RSS’ Women’s Survey Results Align With Ideology But Why Hold It?
The survey must be seen as part of RSS’ mission to become a hegemonic force in Indian society.
Drishti Stree Adhyayan Prabodhan Kendra (DSAPK), a Pune-based think tank linked to the Rashtriya Swayamsevak Sangh, conducted a survey on ‘Status of Women in India’ that was recently released in New Delhi by RSS Sarsanghchalak Mohan Bhagwat and Union Finance Minister Nirmala Sitharaman.
According to reports, here are some details about the survey:
- 43,255 women above the age of 18 years across 465 districts in 29 states and five Union Territories were interviewed.
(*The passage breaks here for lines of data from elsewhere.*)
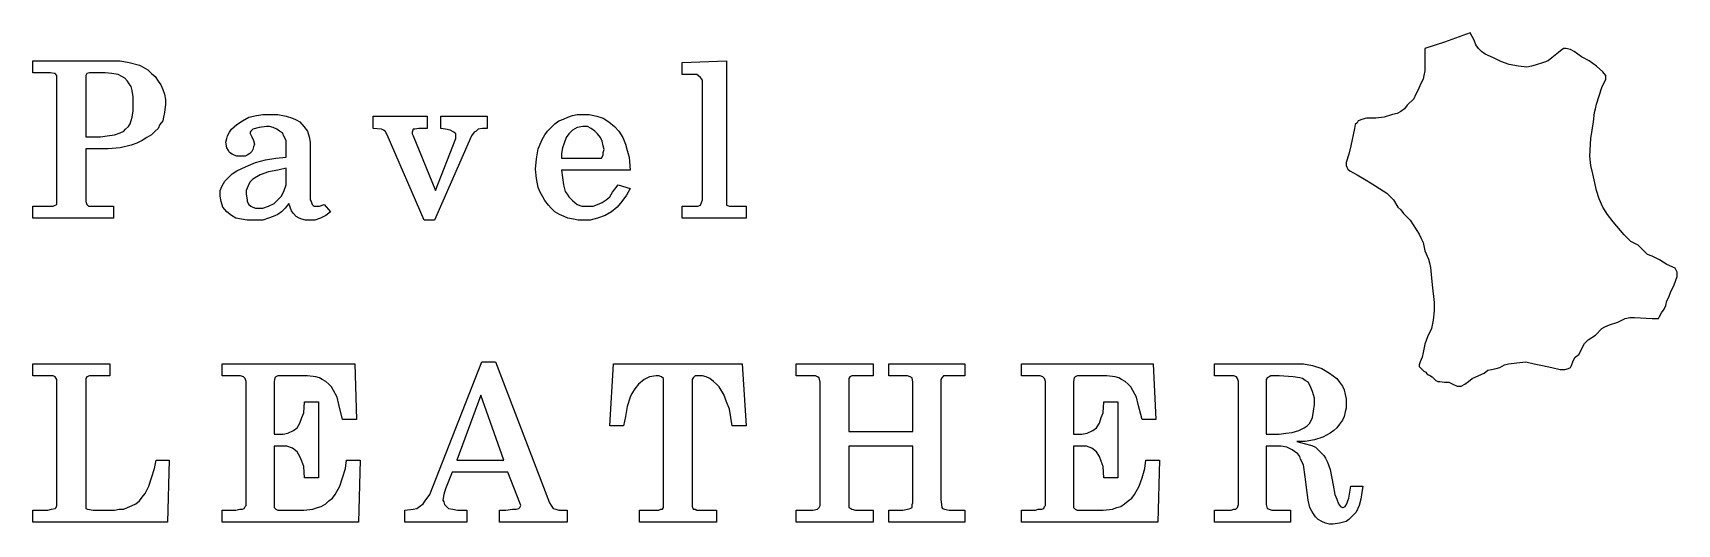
# Model space of a CAD drawing. Extents: x 70.1 to 145.2, y 102.3 to 124.8.
import ezdxf

# ---------------------------------------------------------------- set-up
doc = ezdxf.new("R2010")
doc.units = 0
doc.layers.add('Layer_1', color=7, linetype='CONTINUOUS')

msp = doc.modelspace()

# ---------------------------------------------------------------- linework, layer by layer
at = {"layer": 'Layer_1', "color": 7}
for points in [[(135.723638, 124.771196), (134.538305, 124.34786), (133.649305, 124.051527), (133.649305, 123.247194), (133.649305, 123.035527), (133.606972, 122.82386), (133.564638, 122.654527), (133.479972, 122.485194), (133.310638, 122.104194), (133.225972, 121.93486), (133.141305, 121.765527), (132.844972, 121.469194), (132.717972, 121.29986), (132.548638, 121.17286), (132.379305, 121.088194), (132.167638, 121.04586), (131.786638, 120.91886), (131.405638, 120.876527), (130.982305, 120.876527), (130.812972, 120.834194), (130.601305, 120.749527), (130.558972, 120.66486), (130.474305, 120.580194), (130.431972, 120.41086), (130.262638, 119.606527), (130.177972, 119.225527), (130.050972, 118.844527), (130.050972, 118.717527), (130.093305, 118.63286), (130.135638, 118.548194), (130.220305, 118.463527), (130.389638, 118.37886), (130.558972, 118.294194), (130.897638, 118.082527), (131.236305, 117.87086), (131.574972, 117.659194), (131.913638, 117.447527), (132.209972, 117.151194), (132.421638, 116.812527), (132.548638, 116.685527), (132.675638, 116.516194), (132.971972, 116.21986), (133.395305, 115.58486), (133.479972, 115.373194), (133.564638, 115.20386), (133.649305, 114.82286), (133.818638, 114.44186), (133.860972, 114.272527), (133.903305, 114.06086), (133.987972, 113.256527), (134.072638, 112.452194), (134.072638, 112.071194), (134.030305, 111.64786), (133.945638, 111.26686), (133.776305, 110.88586), (133.649305, 110.547194), (133.564638, 110.166194), (133.522305, 109.954527), (133.437638, 109.74286), (133.395305, 109.61586), (133.395305, 109.531194), (133.437638, 109.48886), (133.522305, 109.404194), (133.606972, 109.319527), (133.691638, 109.277194), (133.733972, 109.192527), (133.818638, 109.150194), (133.903305, 109.10786), (133.987972, 109.065527), (134.157305, 108.896194), (134.241972, 108.85386), (134.326638, 108.85386), (134.538305, 108.811527), (134.749972, 108.811527), (134.919305, 108.72686), (135.130972, 108.642194), (135.215638, 108.642194), (135.300305, 108.642194), (135.469638, 108.72686), (135.638972, 108.85386), (135.808305, 108.98086), (135.977638, 109.065527), (136.358638, 109.23486), (136.527972, 109.36186), (136.697305, 109.404194), (136.908972, 109.446527), (137.078305, 109.48886), (137.289972, 109.61586), (137.459305, 109.658194), (137.840305, 109.700527), (138.263638, 109.74286), (138.644638, 109.658194), (139.025638, 109.573527), (139.448972, 109.48886), (139.829972, 109.404194), (140.041638, 109.404194), (140.210972, 109.446527), (140.295638, 109.48886), (140.337972, 109.573527), (140.422638, 109.785194), (140.507305, 109.954527), (140.676638, 110.081527), (140.761305, 110.25086), (140.845972, 110.420194), (140.930638, 110.589527), (141.099972, 110.75886), (141.438638, 110.970527), (141.734972, 111.26686), (141.861972, 111.351527), (142.073638, 111.436194), (142.454638, 111.563194), (142.793305, 111.732527), (143.004972, 111.77486), (143.216638, 111.77486), (144.020972, 111.732527), (144.232638, 111.732527), (144.317305, 111.732527), (144.359638, 111.817194), (144.444305, 111.986527), (144.571305, 112.15586), (144.655972, 112.325194), (144.698305, 112.53686), (144.782972, 112.706194), (144.867638, 112.91786), (145.036972, 113.256527), (145.163972, 113.637527), (145.163972, 113.849194), (145.121638, 113.93386), (145.079305, 114.018527), (144.698305, 114.18786), (144.359638, 114.399527), (144.020972, 114.56886), (143.809305, 114.653527), (143.682305, 114.780527), (143.385972, 115.07686), (143.047305, 115.246194), (142.750972, 115.542527), (142.242972, 116.135194), (141.988972, 116.47386), (141.777305, 116.812527), (141.607972, 117.193527), (141.480972, 117.574527), (141.311638, 118.336527), (141.226972, 118.717527), (141.184638, 119.14086), (141.226972, 119.945194), (141.353972, 120.707194), (141.396305, 121.130527), (141.438638, 121.29986), (141.480972, 121.511527), (141.607972, 121.892527), (141.734972, 122.273527), (141.904305, 122.654527), (141.904305, 122.739194), (141.904305, 122.82386), (141.777305, 122.993194), (141.480972, 123.247194), (141.142305, 123.501194), (140.803638, 123.670527), (140.464972, 123.924527), (140.295638, 124.009194), (140.083972, 124.051527), (139.999305, 124.051527), (139.914638, 124.009194), (139.745305, 123.882194), (139.448972, 123.628194), (139.279638, 123.501194), (139.067972, 123.416527), (138.686972, 123.289527), (138.517638, 123.247194), (138.305972, 123.20486), (137.924972, 123.247194), (137.501638, 123.33186), (137.120638, 123.45886), (136.781972, 123.628194), (136.400972, 123.797527), (136.231638, 123.924527), (136.104638, 124.051527), (135.977638, 124.22086), (135.892972, 124.432527), (135.808305, 124.601863), (135.723638, 124.771196)], [(70.106972, 123.501194), (73.620638, 123.501194), (74.086305, 123.501194), (74.509638, 123.416527), (74.975305, 123.289527), (75.144638, 123.20486), (75.356305, 123.07786), (75.525638, 122.908527), (75.694972, 122.781527), (75.821972, 122.56986), (75.948972, 122.400527), (76.033638, 122.18886), (76.118305, 121.977194), (76.160638, 121.723194), (76.160638, 121.511527), (76.118305, 121.130527), (76.075972, 120.91886), (76.033638, 120.749527), (75.906638, 120.580194), (75.821972, 120.41086), (75.694972, 120.28386), (75.525638, 120.114527), (75.313972, 119.987527), (75.102305, 119.860527), (74.848305, 119.733527), (74.594305, 119.64886), (74.086305, 119.52186), (73.535972, 119.479527), (72.519972, 119.479527), (72.519972, 117.151194), (72.519972, 117.066527), (72.562305, 116.939527), (72.646972, 116.85486), (72.773972, 116.85486), (73.789972, 116.85486), (73.789972, 116.304527), (70.106972, 116.304527), (70.106972, 116.85486), (70.911305, 116.85486), (71.038305, 116.85486), (71.122972, 116.897194), (71.207638, 116.939527), (71.207638, 117.066527), (71.207638, 122.654527), (71.207638, 122.82386), (71.122972, 122.908527), (71.080638, 122.908527), (70.911305, 122.95086), (70.741972, 122.95086), (70.106972, 122.95086), (70.106972, 123.501194)], [(101.772305, 123.501194), (101.772305, 117.066527), (101.772305, 116.897194), (101.899305, 116.85486), (101.983972, 116.85486), (102.661305, 116.85486), (102.661305, 116.304527), (99.740305, 116.304527), (99.740305, 116.85486), (100.290638, 116.85486), (100.459972, 116.85486), (100.586972, 116.897194), (100.629305, 117.024194), (100.671638, 117.151194), (100.671638, 122.485194), (100.671638, 122.612194), (100.586972, 122.739194), (100.417638, 122.866194), (100.248305, 122.866194), (99.740305, 122.866194), (99.740305, 123.416527), (101.772305, 123.501194)], [(73.197305, 120.02986), (73.493638, 120.072194), (73.832305, 120.114527), (74.086305, 120.199194), (74.255638, 120.28386), (74.340305, 120.368527), (74.467305, 120.495527), (74.551972, 120.622527), (74.636638, 120.91886), (74.678972, 121.215194), (74.678972, 121.511527), (74.678972, 121.850194), (74.636638, 122.146527), (74.594305, 122.31586), (74.509638, 122.44286), (74.424972, 122.56986), (74.297972, 122.69686), (74.170972, 122.781527), (74.001638, 122.866194), (73.705305, 122.908527), (73.408972, 122.95086), (73.070305, 122.95086), (72.689305, 122.95086), (72.562305, 122.908527), (72.519972, 122.82386), (72.519972, 122.612194), (72.519972, 120.02986), (73.197305, 120.02986)], [(83.399638, 116.939527), (83.695972, 116.60086), (83.484305, 116.431527), (83.230305, 116.304527), (82.976305, 116.21986), (82.722305, 116.21986), (82.552972, 116.21986), (82.383638, 116.262194), (82.256638, 116.304527), (82.129638, 116.389194), (82.002638, 116.516194), (81.917972, 116.643194), (81.790972, 116.98186), (81.621638, 116.770194), (81.452305, 116.60086), (81.282972, 116.47386), (81.071305, 116.389194), (80.859638, 116.304527), (80.605638, 116.21986), (80.139972, 116.21986), (79.885972, 116.21986), (79.631972, 116.262194), (79.377972, 116.304527), (79.166305, 116.431527), (78.954638, 116.60086), (78.785305, 116.812527), (78.700638, 117.066527), (78.658305, 117.320527), (78.658305, 117.574527), (78.742972, 117.786194), (78.869972, 117.99786), (79.039305, 118.167194), (79.208638, 118.336527), (79.420305, 118.463527), (79.843638, 118.675194), (80.266972, 118.844527), (80.732638, 118.971527), (81.198305, 119.056194), (81.663972, 119.098527), (81.663972, 119.733527), (81.663972, 119.860527), (81.579305, 120.02986), (81.494638, 120.199194), (81.367638, 120.28386), (81.240638, 120.368527), (81.071305, 120.453194), (80.901972, 120.495527), (80.774972, 120.495527), (80.436305, 120.453194), (80.139972, 120.368527), (80.055305, 120.28386), (80.012972, 120.199194), (80.097638, 120.02986), (80.182305, 119.860527), (80.224638, 119.691194), (80.182305, 119.564194), (80.139972, 119.437194), (80.097638, 119.352527), (80.012972, 119.26786), (79.885972, 119.183194), (79.801305, 119.14086), (79.547305, 119.14086), (79.420305, 119.14086), (79.293305, 119.183194), (79.208638, 119.225527), (79.081638, 119.310194), (79.039305, 119.39486), (78.954638, 119.52186), (78.912305, 119.77586), (78.954638, 119.945194), (78.996972, 120.072194), (79.081638, 120.241527), (79.166305, 120.368527), (79.420305, 120.580194), (79.674305, 120.749527), (79.970638, 120.91886), (80.309305, 121.003527), (80.605638, 121.04586), (80.944305, 121.04586), (81.282972, 121.04586), (81.663972, 120.961194), (81.960305, 120.876527), (82.129638, 120.79186), (82.298972, 120.707194), (82.468305, 120.495527), (82.637638, 120.28386), (82.722305, 120.02986), (82.764638, 119.77586), (82.764638, 117.36286), (82.764638, 117.151194), (82.806972, 117.066527), (82.849305, 116.939527), (82.891638, 116.897194), (82.933972, 116.85486), (83.187972, 116.85486), (83.399638, 116.939527)], [(85.643305, 120.961194), (88.098638, 120.961194), (88.098638, 120.41086), (87.717638, 120.41086), (87.548305, 120.368527), (87.463638, 120.368527), (87.421305, 120.241527), (87.421305, 120.15686), (87.463638, 120.072194), (88.479638, 117.574527), (89.410972, 119.945194), (89.410972, 120.072194), (89.410972, 120.15686), (89.326305, 120.241527), (89.156972, 120.326194), (88.945305, 120.368527), (88.733638, 120.41086), (88.733638, 120.961194), (90.850305, 120.961194), (90.850305, 120.41086), (90.638638, 120.41086), (90.426972, 120.368527), (90.342305, 120.28386), (90.257638, 120.241527), (90.130638, 120.072194), (88.437305, 116.21986), (87.971638, 116.21986), (86.278305, 120.114527), (86.193638, 120.28386), (86.108972, 120.326194), (86.024305, 120.368527), (85.643305, 120.41086), (85.643305, 120.961194)], [(97.369638, 118.50586), (94.236972, 118.50586), (94.279305, 118.167194), (94.321638, 117.828527), (94.406305, 117.532194), (94.490972, 117.405194), (94.575638, 117.278194), (94.744972, 117.10886), (94.956638, 116.939527), (95.168305, 116.85486), (95.422305, 116.85486), (95.676305, 116.85486), (95.887972, 116.939527), (96.099638, 117.024194), (96.268972, 117.151194), (96.438305, 117.278194), (96.565305, 117.48986), (96.819305, 117.828527), (97.369638, 117.659194), (97.200305, 117.36286), (96.988638, 117.066527), (96.776972, 116.812527), (96.522972, 116.60086), (96.226638, 116.431527), (95.887972, 116.304527), (95.549305, 116.21986), (95.210638, 116.21986), (94.998972, 116.21986), (94.787305, 116.262194), (94.533305, 116.304527), (94.363972, 116.389194), (94.152305, 116.47386), (93.940638, 116.60086), (93.771305, 116.770194), (93.644305, 116.897194), (93.474972, 117.10886), (93.390305, 117.278194), (93.263305, 117.48986), (93.178638, 117.701527), (93.093972, 118.12486), (93.051638, 118.548194), (93.093972, 119.01386), (93.178638, 119.479527), (93.347972, 119.90286), (93.474972, 120.114527), (93.601972, 120.28386), (93.771305, 120.453194), (93.940638, 120.622527), (94.109972, 120.749527), (94.321638, 120.834194), (94.533305, 120.91886), (94.744972, 121.003527), (94.956638, 121.04586), (95.210638, 121.04586), (95.506972, 121.04586), (95.845638, 120.961194), (96.141972, 120.876527), (96.395972, 120.707194), (96.649972, 120.495527), (96.861638, 120.28386), (97.030972, 119.987527), (97.157972, 119.691194), (97.242638, 119.39486), (97.327305, 119.098527), (97.369638, 118.50586)], [(95.930305, 119.056194), (96.057305, 119.056194), (96.141972, 119.183194), (96.141972, 119.310194), (96.184305, 119.437194), (96.141972, 119.606527), (96.099638, 119.818194), (96.014972, 119.987527), (95.887972, 120.15686), (95.760972, 120.28386), (95.591638, 120.41086), (95.422305, 120.495527), (95.210638, 120.495527), (94.956638, 120.453194), (94.744972, 120.326194), (94.575638, 120.15686), (94.448638, 119.987527), (94.363972, 119.733527), (94.279305, 119.52186), (94.236972, 119.26786), (94.236972, 119.056194), (95.930305, 119.056194)], [(81.663972, 118.590527), (81.282972, 118.50586), (80.859638, 118.421194), (80.478638, 118.294194), (80.139972, 118.082527), (80.012972, 117.955527), (79.928305, 117.786194), (79.843638, 117.574527), (79.843638, 117.405194), (79.885972, 117.151194), (79.885972, 117.066527), (79.970638, 116.939527), (80.055305, 116.85486), (80.139972, 116.812527), (80.266972, 116.770194), (80.351638, 116.770194), (80.605638, 116.770194), (80.859638, 116.85486), (81.113638, 116.98186), (81.282972, 117.151194), (81.452305, 117.320527), (81.579305, 117.574527), (81.663972, 117.828527), (81.663972, 118.082527), (81.663972, 118.590527)], [(70.106972, 109.658194), (73.620638, 109.658194), (73.620638, 109.10786), (72.689305, 109.10786)], [(75.737305, 105.255527), (76.329972, 105.255527), (76.245305, 102.419194), (70.106972, 102.419194), (70.106972, 102.969527), (70.784305, 102.969527), (70.953638, 103.01186), (71.122972, 103.054194), (71.165305, 103.096527), (71.207638, 103.181194), (71.207638, 103.350527), (71.207638, 108.85386), (71.207638, 108.938527), (71.122972, 109.065527), (71.038305, 109.10786), (70.911305, 109.10786), (70.106972, 109.10786), (70.106972, 109.658194)], [(78.742972, 109.658194), (84.796638, 109.658194), (84.881305, 107.118194), (84.246305, 107.118194), (84.076972, 107.795527), (83.992305, 108.134194), (83.822972, 108.430527), (83.738305, 108.59986), (83.611305, 108.72686), (83.484305, 108.85386), (83.314972, 108.938527), (83.187972, 109.023194), (83.018638, 109.065527), (82.637638, 109.10786), (81.282972, 109.10786), (81.198305, 109.065527), (81.155972, 109.023194), (81.113638, 108.85386), (81.113638, 106.44086), (81.536972, 106.44086), (81.748638, 106.483194), (82.002638, 106.610194), (82.171972, 106.737194), (82.298972, 106.94886), (82.383638, 107.20286), (82.468305, 107.414527), (82.510638, 107.922527), (83.145638, 107.922527), (83.145638, 104.451194), (82.510638, 104.451194), (82.468305, 104.959194), (82.383638, 105.213194), (82.298972, 105.42486), (82.171972, 105.636527), (81.960305, 105.80586), (81.706305, 105.890527), (81.452305, 105.890527), (81.113638, 105.890527), (81.113638, 103.223527), (81.113638, 103.096527), (81.198305, 103.01186), (81.282972, 102.969527), (81.367638, 102.969527), (82.468305, 102.969527), (82.891638, 103.01186), (83.103305, 103.096527), (83.272638, 103.13886), (83.484305, 103.26586), (83.611305, 103.39286), (83.780638, 103.51986), (83.907638, 103.689194), (84.119305, 104.070194), (84.246305, 104.451194), (84.373305, 104.874527), (84.415638, 105.255527), (85.050638, 105.255527), (84.965972, 102.419194), (78.742972, 102.419194), (78.742972, 102.969527), (79.377972, 102.969527), (79.547305, 103.01186), (79.674305, 103.01186), (79.758972, 103.054194), (79.801305, 103.13886), (79.843638, 103.181194), (79.843638, 103.26586), (79.843638, 108.85386), (79.801305, 108.98086), (79.716638, 109.065527), (79.589638, 109.10786), (79.462638, 109.10786), (78.742972, 109.10786), (78.742972, 109.658194)], [(88.225638, 103.689194), (90.596305, 109.74286), (91.231305, 109.74286), (93.686638, 103.308194), (93.771305, 103.181194), (93.855972, 103.054194), (93.982972, 103.01186), (94.109972, 102.969527), (94.490972, 102.969527), (94.490972, 102.419194), (91.400638, 102.419194), (91.400638, 102.969527), (91.696972, 102.969527), (91.993305, 103.01186), (92.162638, 103.01186), (92.289638, 103.054194), (92.331972, 103.096527), (92.374305, 103.181194), (92.331972, 103.308194), (91.781638, 104.705194), (89.241638, 104.705194), (88.945305, 103.943194), (88.860638, 103.689194), (88.818305, 103.435194), (88.860638, 103.350527), (88.902972, 103.223527), (88.987638, 103.13886), (89.072305, 103.054194), (89.283972, 103.01186), (89.495638, 102.969527), (89.918972, 102.969527), (89.918972, 102.419194), (87.082638, 102.419194), (87.082638, 102.969527), (87.463638, 103.01186), (87.632972, 103.054194), (87.759972, 103.13886), (87.929305, 103.26586), (88.013972, 103.39286), (88.225638, 103.689194)], [(96.607638, 109.658194), (102.491972, 109.658194), (102.661305, 106.82186), (102.026305, 106.82186), (101.899305, 107.58386), (101.772305, 107.922527), (101.645305, 108.261194), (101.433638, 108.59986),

- The data was compiled between 2017 and 2018.
- Around 7,000 volunteers were involved in conducting the survey.
- A separate survey was conducted among 7,675 girls across 25 states.
Some of the findings included:
- “Married women had a high level of happiness, whereas lowest percentage was among those who had live-in relationships”.
- “Women are happy even in conflict zones”.
- “Two-thirds of divorced women and three-fifths of those separated or in live-in relationships are employed”.
- Women in spiritual organisations or those who have renounced the world, are happiest. The survey claims to have interviewed over 4,000 women in spiritual organisations across six religions.
The survey’s findings have been criticised by many women activists.
However, the main question here is why is the RSS conducting such a survey in the first place?
RSS Outreach Among Women
According to India Today journalist Uday Mahurkar, the Sangh’s aim is to rectify its image as a paternalistic organisation. However, the aim is much bigger.
The survey must be seen as part of the RSS’ mission to become a hegemonic force in Indian society and projecting Hindutva as an ideology that encompasses every section.
The Sangh already has affiliate organisations among students, workers, farmers, intellectuals, professionals etc. It even has separate outfits for outreach with women, religious minorities and tribals. Rashtriya Sevika Samiti is often described as the RSS women’s wing.
Established in 1936 by Laxmibai Kelkar (called Mousiji by followers), the Rashtriya Sevika Samiti is technically not the RSS’ women’s wing. RSS founder KB Hedgewar had advised Kelkar to form an independent organisation rather than a women’s division within the RSS. But the ideology of the two organisations is identical and like the RSS, the primary unit of the Samiti is also the shakha (local branch).
The main ideals of the Sevika Samiti are:
- Matrutva (Universal Motherhood)
- Kartrutva (Efficiency and Social Activism)
- Netrutva (Leadership)
What is clear is that in the RSS worldview, women are secondary to men in the process of nation-building and the foremost identity of a woman is that of motherhood. While the Sangh has become more open about women working, family responsibilities are seen as paramount.
Women are seen essentially as part of society and family and their individual identity comes much later.
Even DSAPK – the RSS think-tank which carried out the survey among women – has a similar view. According to its mission statement, “A woman has a four-fold role in this society. She plays a role as a mother, as the centre of her family, as a responsible member of the society and as a person herself”.
Some of the conclusions that the DSAPK has drawn from the survey stems from this worldview, particularly the claim that married women are happier than women who are divorced, single or in live-in relationships. Single women can be extremely happy if they renounce the world and devote themselves to spirituality.
However, reinforcing the RSS’ beliefs on women is only one part of what the survey seeks to achieve. The main aim is to collect data for the Sangh’s outreach among women.
Despite being just 11 years younger than RSS, the Rashtriya Sevika Samiti hasn’t expanded to the same extent in terms of reach.
The Samiti’s national executive almost entirely comprises comparatively older, urban middle class women from upper castes. Of course the RSS top rung is no different but the Sangh has successfully expanded itself beyond these sections.
The RSS now sees an opportunity to spread its political project among women to a much greater extent. Only a part of this project will be through the Samiti.
The main priority of the Sangh is to project itself as an hegemonic organisation that has roots in and has a plan for every section of Indian society.